### [WHAT NEEDS TO BE DONE]
Where the word "linetype" appears in a line below, copy the whole line.
Top of EXTRACTED ENTRIES
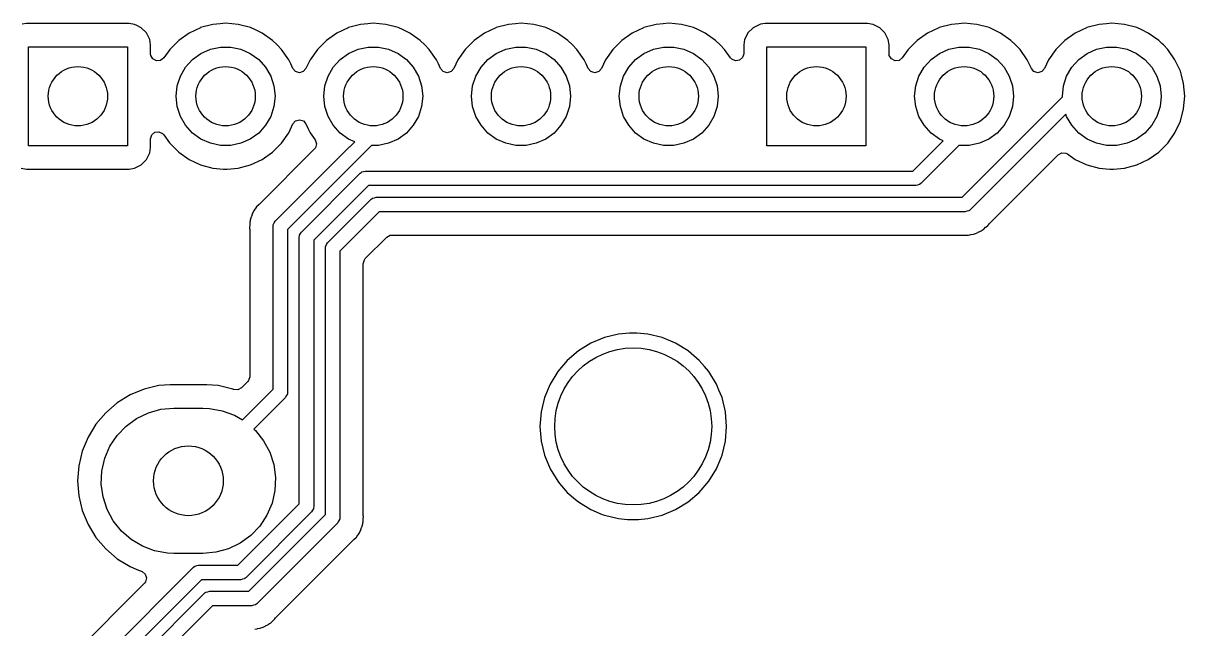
# Model space of a CAD drawing. Extents: x 0.79 to 7.48, y -4.92 to -0.79.
# Drawn here: x 4.268 to 5.055, y -2.64 to -2.23 of the extents above; entities that cross this region are included whole.
import ezdxf

# ---------------------------------------------------------------- set-up
doc = ezdxf.new("R2010")
doc.units = 0
doc.header["$MEASUREMENT"] = 0
doc.layers.add('BLACK', color=7, linetype='CONTINUOUS')

msp = doc.modelspace()

# ---------------------------------------------------------------- linework, layer by layer
at = {"layer": 'BLACK', "linetype": 'CONTINUOUS'}
for p, q in [((4.27041, -2.2299), (4.26728, -2.2304)), ((4.33982, -2.2299), (4.27041, -2.2299)), ((4.34352, -2.23049), (4.33982, -2.2299)), ((4.34494, -2.23121), (4.34352, -2.23049)), ((4.34797, -2.23275), (4.34494, -2.23121)), ((4.3515, -2.23629), (4.34797, -2.23275)), ((4.34797, -2.23275), (4.34797, -2.23275)), ((4.34797, -2.23275), (4.34797, -2.23275)), ((4.38809, -2.23275), (4.38041, -2.23633)), ((4.38822, -2.23269), (4.38809, -2.23275)), ((4.39654, -2.23046), (4.38822, -2.23269)), ((4.38822, -2.23269), (4.38822, -2.23269)), ((4.38822, -2.23269), (4.38822, -2.23269)), ((4.40146, -2.23003), (4.39654, -2.23046)), ((4.39654, -2.23046), (4.39654, -2.23046)), ((4.40512, -2.22971), (4.40146, -2.23003)), ((4.4137, -2.23046), (4.40512, -2.22971)), ((4.40512, -2.22971), (4.40512, -2.22971)), ((4.42202, -2.23269), (4.4137, -2.23046)), ((4.42537, -2.23425), (4.42202, -2.23269)), ((4.42202, -2.23269), (4.42202, -2.23269)), ((4.42202, -2.23269), (4.42202, -2.23269)), ((4.48809, -2.23275), (4.48041, -2.23633)), ((4.48822, -2.23269), (4.48809, -2.23275)), ((4.49654, -2.23046), (4.48822, -2.23269)), ((4.48822, -2.23269), (4.48822, -2.23269)), ((4.48822, -2.23269), (4.48822, -2.23269)), ((4.50146, -2.23003), (4.49654, -2.23046)), ((4.49654, -2.23046), (4.49654, -2.23046)), ((4.50512, -2.22971), (4.50146, -2.23003)), ((4.5137, -2.23046), (4.50512, -2.22971)), ((4.50512, -2.22971), (4.50512, -2.22971)), ((4.52202, -2.23269), (4.5137, -2.23046)), ((4.52537, -2.23425), (4.52202, -2.23269)), ((4.52202, -2.23269), (4.52202, -2.23269)), ((4.52202, -2.23269), (4.52202, -2.23269)), ((4.58809, -2.23275), (4.58041, -2.23633)), ((4.58822, -2.23269), (4.58809, -2.23275)), ((4.59654, -2.23046), (4.58822, -2.23269)), ((4.58822, -2.23269), (4.58822, -2.23269)), ((4.58822, -2.23269), (4.58822, -2.23269)), ((4.60146, -2.23003), (4.59654, -2.23046)), ((4.59654, -2.23046), (4.59654, -2.23046)), ((4.60512, -2.22971), (4.60146, -2.23003)), ((4.6137, -2.23046), (4.60512, -2.22971)), ((4.60512, -2.22971), (4.60512, -2.22971)), ((4.62202, -2.23269), (4.6137, -2.23046)), ((4.62537, -2.23425), (4.62202, -2.23269)), ((4.62202, -2.23269), (4.62202, -2.23269)), ((4.62202, -2.23269), (4.62202, -2.23269)), ((4.68809, -2.23275), (4.68041, -2.23633)), ((4.68822, -2.23269), (4.68809, -2.23275)), ((4.69654, -2.23046), (4.68822, -2.23269)), ((4.68822, -2.23269), (4.68822, -2.23269)), ((4.68822, -2.23269), (4.68822, -2.23269)), ((4.70146, -2.23003), (4.69654, -2.23046)), ((4.69654, -2.23046), (4.69654, -2.23046)), ((4.70512, -2.22971), (4.70146, -2.23003)), ((4.7137, -2.23046), (4.70512, -2.22971)), ((4.70512, -2.22971), (4.70512, -2.22971)), ((4.72202, -2.23269), (4.7137, -2.23046)), ((4.72537, -2.23425), (4.72202, -2.23269)), ((4.72202, -2.23269), (4.72202, -2.23269)), ((4.72202, -2.23269), (4.72202, -2.23269)), ((4.76227, -2.23275), (4.75874, -2.23629)), ((4.76672, -2.23049), (4.76227, -2.23275)), ((4.76227, -2.23275), (4.76227, -2.23275)), ((4.76227, -2.23275), (4.76227, -2.23275)), ((4.76227, -2.23275), (4.76227, -2.23275)), ((4.76728, -2.2304), (4.76672, -2.23049)), ((4.77041, -2.2299), (4.76728, -2.2304)), ((4.83982, -2.2299), (4.77041, -2.2299)), ((4.84352, -2.23049), (4.83982, -2.2299)), ((4.84494, -2.23121), (4.84352, -2.23049)), ((4.84797, -2.23275), (4.84494, -2.23121)), ((4.8515, -2.23629), (4.84797, -2.23275)), ((4.84797, -2.23275), (4.84797, -2.23275)), ((4.84797, -2.23275), (4.84797, -2.23275)), ((4.88809, -2.23275), (4.88041, -2.23633)), ((4.88822, -2.23269), (4.88809, -2.23275)), ((4.89654, -2.23046), (4.88822, -2.23269)), ((4.88822, -2.23269), (4.88822, -2.23269)), ((4.88822, -2.23269), (4.88822, -2.23269)), ((4.90146, -2.23003), (4.89654, -2.23046)), ((4.89654, -2.23046), (4.89654, -2.23046)), ((4.90512, -2.22971), (4.90146, -2.23003)), ((4.9137, -2.23046), (4.90512, -2.22971)), ((4.90512, -2.22971), (4.90512, -2.22971)), ((4.92202, -2.23269), (4.9137, -2.23046)), ((4.92537, -2.23425), (4.92202, -2.23269)), ((4.92202, -2.23269), (4.92202, -2.23269)), ((4.92202, -2.23269), (4.92202, -2.23269)), ((4.98809, -2.23275), (4.98041, -2.23633)), ((4.98822, -2.23269), (4.98809, -2.23275)), ((4.99654, -2.23046), (4.98822, -2.23269)), ((4.98822, -2.23269), (4.98822, -2.23269)), ((4.98822, -2.23269), (4.98822, -2.23269)), ((5.00146, -2.23003), (4.99654, -2.23046)), ((4.99654, -2.23046), (4.99654, -2.23046)), ((5.00512, -2.22971), (5.00146, -2.23003)), ((5.0137, -2.23046), (5.00512, -2.22971)), ((5.00512, -2.22971), (5.00512, -2.22971)), ((5.02202, -2.23269), (5.0137, -2.23046)), ((5.02537, -2.23425), (5.02202, -2.23269)), ((5.02202, -2.23269), (5.02202, -2.23269)), ((5.02202, -2.23269), (5.02202, -2.23269)), ((4.35377, -2.24074), (4.3515, -2.23629)), ((4.3515, -2.23629), (4.3515, -2.23629)), ((4.3515, -2.23629), (4.3515, -2.23629)), ((4.35435, -2.24443), (4.35377, -2.24074)), ((4.37335, -2.24128), (4.36726, -2.24737)), ((4.38041, -2.23633), (4.37335, -2.24128)), ((4.38041, -2.23633), (4.38041, -2.23633)), ((4.42983, -2.23633), (4.42537, -2.23425)), ((4.43688, -2.24128), (4.42983, -2.23633)), ((4.42983, -2.23633), (4.42983, -2.23633)), ((4.42983, -2.23633), (4.42983, -2.23633)), ((4.44004, -2.24443), (4.43688, -2.24128)), ((4.47335, -2.24128), (4.46726, -2.24737)), ((4.48041, -2.23633), (4.47335, -2.24128)), ((4.48041, -2.23633), (4.48041, -2.23633)), ((4.52983, -2.23633), (4.52537, -2.23425)), ((4.53688, -2.24128), (4.52983, -2.23633)), ((4.52983, -2.23633), (4.52983, -2.23633)), ((4.52983, -2.23633), (4.52983, -2.23633)), ((4.54004, -2.24443), (4.53688, -2.24128)), ((4.57335, -2.24128), (4.56726, -2.24737)), ((4.58041, -2.23633), (4.57335, -2.24128)), ((4.58041, -2.23633), (4.58041, -2.23633)), ((4.62983, -2.23633), (4.62537, -2.23425)), ((4.63688, -2.24128), (4.62983, -2.23633)), ((4.62983, -2.23633), (4.62983, -2.23633)), ((4.62983, -2.23633), (4.62983, -2.23633)), ((4.64004, -2.24443), (4.63688, -2.24128)), ((4.67335, -2.24128), (4.66726, -2.24737)), ((4.68041, -2.23633), (4.67335, -2.24128)), ((4.68041, -2.23633), (4.68041, -2.23633)), ((4.72983, -2.23633), (4.72537, -2.23425)), ((4.73688, -2.24128), (4.72983, -2.23633)), ((4.72983, -2.23633), (4.72983, -2.23633)), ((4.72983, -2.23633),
Bottom of EXTRACTED ENTRIES
### [SOLUTION TO THIS PROBLEM]
doc.layers.add('BLACK', color=7, linetype='CONTINUOUS')
at = {"layer": 'BLACK', "linetype": 'CONTINUOUS'}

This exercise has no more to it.